- _WHAT IS EXPECTED_: Go through the entries below and collect each line with the string "mechanical" in it.

- _MATERIAL FOR THIS TASK_:

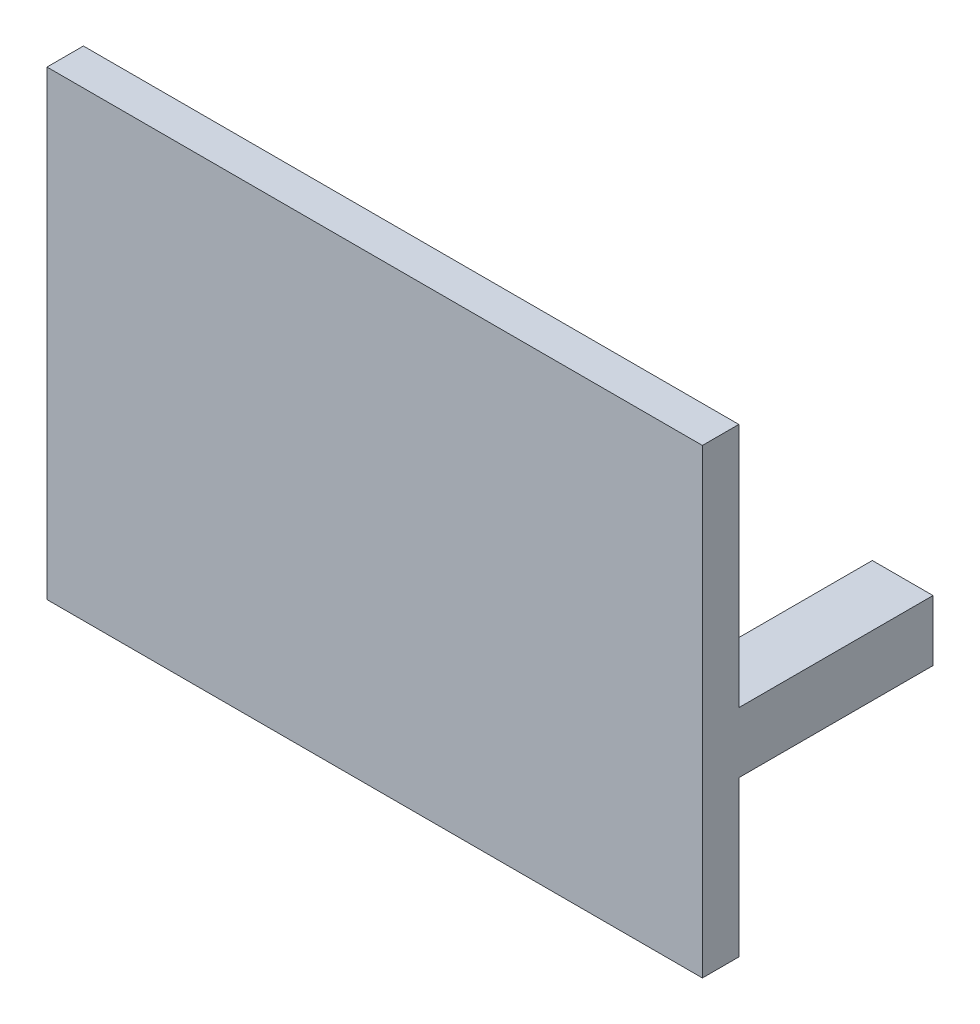
ISO-10303-21;
HEADER;
FILE_DESCRIPTION(('STEP AP214'),'2;1');
FILE_NAME('part.step','',(''),(''),'','','');
FILE_SCHEMA(('AUTOMOTIVE_DESIGN { 1 0 10303 214 1 1 1 1 }'));
ENDSEC;
DATA;
#1=APPLICATION_CONTEXT('core data for automotive mechanical design processes');
#2=APPLICATION_PROTOCOL_DEFINITION('international standard','automotive_design',2000,#1);
#3=PRODUCT_CONTEXT('',#1,'mechanical');
#4=PRODUCT('Part','Part','',(#3));
#5=PRODUCT_RELATED_PRODUCT_CATEGORY('part','',(#4));
#6=PRODUCT_DEFINITION_FORMATION('','',#4);
#7=PRODUCT_DEFINITION_CONTEXT('part definition',#1,'design');
#8=PRODUCT_DEFINITION('design','',#6,#7);
#9=PRODUCT_DEFINITION_SHAPE('','',#8);
#10=(LENGTH_UNIT() NAMED_UNIT(*) SI_UNIT(.MILLI.,.METRE.));
#11=(NAMED_UNIT(*) PLANE_ANGLE_UNIT() SI_UNIT($,.RADIAN.));
#12=(NAMED_UNIT(*) SI_UNIT($,.STERADIAN.) SOLID_ANGLE_UNIT());
#13=UNCERTAINTY_MEASURE_WITH_UNIT(LENGTH_MEASURE(1.E-05),#10,'distance_accuracy_value','');
#14=(GEOMETRIC_REPRESENTATION_CONTEXT(3) GLOBAL_UNCERTAINTY_ASSIGNED_CONTEXT((#13)) GLOBAL_UNIT_ASSIGNED_CONTEXT((#10,
#11,#12)) REPRESENTATION_CONTEXT('',''));
#15=CARTESIAN_POINT('',(0.,0.,0.));
#16=DIRECTION('',(0.,0.,1.));
#17=DIRECTION('',(1.,0.,0.));
#18=AXIS2_PLACEMENT_3D('',#15,#16,#17);
#19=CARTESIAN_POINT('',(0.,0.,3.));
#20=DIRECTION('',(1.,0.,0.));
#21=DIRECTION('',(0.,0.,-1.));
#22=AXIS2_PLACEMENT_3D('',#19,#20,#21);
#23=PLANE('',#22);
#24=DIRECTION('',(0.,-1.,0.));
#25=VECTOR('',#24,1.);
#26=CARTESIAN_POINT('',(0.,0.,0.));
#27=LINE('',#26,#25);
#28=CARTESIAN_POINT('',(0.,38.,0.));
#29=VERTEX_POINT('',#28);
#30=CARTESIAN_POINT('',(0.,0.,0.));
#31=VERTEX_POINT('',#30);
#32=EDGE_CURVE('E218',#29,#31,#27,.T.);
#33=ORIENTED_EDGE('',*,*,#32,.T.);
#34=DIRECTION('',(0.,0.,-1.));
#35=VECTOR('',#34,1.);
#36=CARTESIAN_POINT('',(0.,0.,3.));
#37=LINE('',#36,#35);
#38=CARTESIAN_POINT('',(0.,0.,3.));
#39=VERTEX_POINT('',#38);
#40=EDGE_CURVE('E11',#39,#31,#37,.T.);
#41=ORIENTED_EDGE('',*,*,#40,.F.);
#42=DIRECTION('',(0.,-1.,0.));
#43=VECTOR('',#42,1.);
#44=CARTESIAN_POINT('',(0.,0.,3.));
#45=LINE('',#44,#43);
#46=CARTESIAN_POINT('',(0.,38.,3.));
#47=VERTEX_POINT('',#46);
#48=EDGE_CURVE('E230',#47,#39,#45,.T.);
#49=ORIENTED_EDGE('',*,*,#48,.F.);
#50=DIRECTION('',(0.,0.,-1.));
#51=VECTOR('',#50,1.);
#52=CARTESIAN_POINT('',(0.,38.,3.));
#53=LINE('',#52,#51);
#54=EDGE_CURVE('E244',#47,#29,#53,.T.);
#55=ORIENTED_EDGE('',*,*,#54,.T.);
#56=EDGE_LOOP('',(#33,#41,#49,#55));
#57=FACE_BOUND('',#56,.T.);
#58=ADVANCED_FACE('F39',(#57),#23,.F.);
#59=CARTESIAN_POINT('',(0.,0.,3.));
#60=DIRECTION('',(0.,1.,0.));
#61=DIRECTION('',(0.,0.,1.));
#62=AXIS2_PLACEMENT_3D('',#59,#60,#61);
#63=PLANE('',#62);
#64=DIRECTION('',(1.,0.,0.));
#65=VECTOR('',#64,1.);
#66=CARTESIAN_POINT('',(0.,0.,0.));
#67=LINE('',#66,#65);
#68=CARTESIAN_POINT('',(54.,0.,0.));
#69=VERTEX_POINT('',#68);
#70=EDGE_CURVE('E248',#31,#69,#67,.T.);
#71=ORIENTED_EDGE('',*,*,#70,.T.);
#72=DIRECTION('',(0.,0.,-1.));
#73=VECTOR('',#72,1.);
#74=CARTESIAN_POINT('',(54.,0.,3.));
#75=LINE('',#74,#73);
#76=CARTESIAN_POINT('',(54.,0.,3.));
#77=VERTEX_POINT('',#76);
#78=EDGE_CURVE('E47',#77,#69,#75,.T.);
#79=ORIENTED_EDGE('',*,*,#78,.F.);
#80=DIRECTION('',(1.,0.,0.));
#81=VECTOR('',#80,1.);
#82=CARTESIAN_POINT('',(0.,0.,3.));
#83=LINE('',#82,#81);
#84=EDGE_CURVE('E234',#39,#77,#83,.T.);
#85=ORIENTED_EDGE('',*,*,#84,.F.);
#86=ORIENTED_EDGE('',*,*,#40,.T.);
#87=EDGE_LOOP('',(#71,#79,#85,#86));
#88=FACE_BOUND('',#87,.T.);
#89=ADVANCED_FACE('F288',(#88),#63,.F.);
#90=CARTESIAN_POINT('',(54.,0.,3.));
#91=DIRECTION('',(-1.,0.,0.));
#92=DIRECTION('',(0.,0.,1.));
#93=AXIS2_PLACEMENT_3D('',#90,#91,#92);
#94=PLANE('',#93);
#95=DIRECTION('',(0.,1.,0.));
#96=VECTOR('',#95,1.);
#97=CARTESIAN_POINT('',(54.,0.,0.));
#98=LINE('',#97,#96);
#99=CARTESIAN_POINT('',(54.,12.79,0.));
#100=VERTEX_POINT('',#99);
#101=EDGE_CURVE('E252',#69,#100,#98,.T.);
#102=ORIENTED_EDGE('',*,*,#101,.T.);
#103=DIRECTION('',(0.,0.,1.));
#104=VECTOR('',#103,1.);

- _EXERCISE RESULT_:
#1=APPLICATION_CONTEXT('core data for automotive mechanical design processes');
#3=PRODUCT_CONTEXT('',#1,'mechanical');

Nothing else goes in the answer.